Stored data

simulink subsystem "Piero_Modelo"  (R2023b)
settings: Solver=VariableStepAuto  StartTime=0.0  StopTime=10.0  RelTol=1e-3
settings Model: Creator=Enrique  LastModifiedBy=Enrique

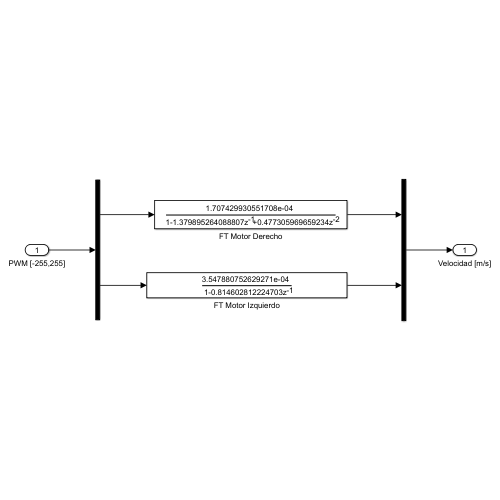
[thumbnail: Simulink's stored preview of the top-level diagram]
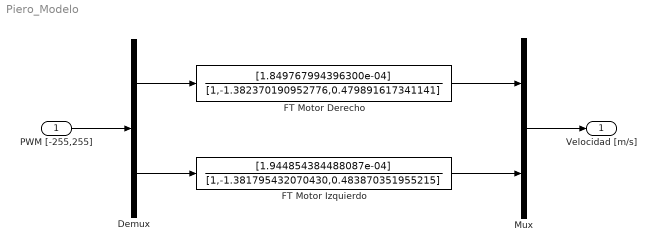
== system Piero_Modelo ==
  PWM [-255,255] : Inport
  Demux : Demux  Outputs=2
  FT Motor Derecho : DiscreteFilter  Numerator=[1.849767994396300e-04]  Denominator=[1,-1.382370190952776,0.479891617341141]
  FT Motor Izquierdo : DiscreteFilter  Numerator=[1.944854384488087e-04]  Denominator=[1,-1.381795432070430,0.483870351955215]
  Mux : Mux  Inputs=2
  Velocidad [m/s] : Outport
  wires:
  PWM [-255,255]/1 -> Demux/1
  Demux/1 -> FT Motor Derecho/1
  Demux/2 -> FT Motor Izquierdo/1
  Mux/1 -> Velocidad [m/s]/1
  FT Motor Derecho/1 -> Mux/1
  FT Motor Izquierdo/1 -> Mux/2

Work to complete:
Retype each entry exactly. No pictures.

Response area:
simulink subsystem "Piero_Modelo"  (R2023b)
settings: Solver=VariableStepAuto  StartTime=0.0  StopTime=10.0  RelTol=1e-3
settings Model: Creator=Enrique  LastModifiedBy=Enrique

[thumbnail: Simulink's stored preview of the top-level diagram]
== system Piero_Modelo ==
  PWM [-255,255] : Inport
  Demux : Demux  Outputs=2
  FT Motor Derecho : DiscreteFilter  Numerator=[1.849767994396300e-04]  Denominator=[1,-1.382370190952776,0.479891617341141]
  FT Motor Izquierdo : DiscreteFilter  Numerator=[1.944854384488087e-04]  Denominator=[1,-1.381795432070430,0.483870351955215]
  Mux : Mux  Inputs=2
  Velocidad [m/s] : Outport
  wires:
  PWM [-255,255]/1 -> Demux/1
  Demux/1 -> FT Motor Derecho/1
  Demux/2 -> FT Motor Izquierdo/1
  Mux/1 -> Velocidad [m/s]/1
  FT Motor Derecho/1 -> Mux/1
  FT Motor Izquierdo/1 -> Mux/2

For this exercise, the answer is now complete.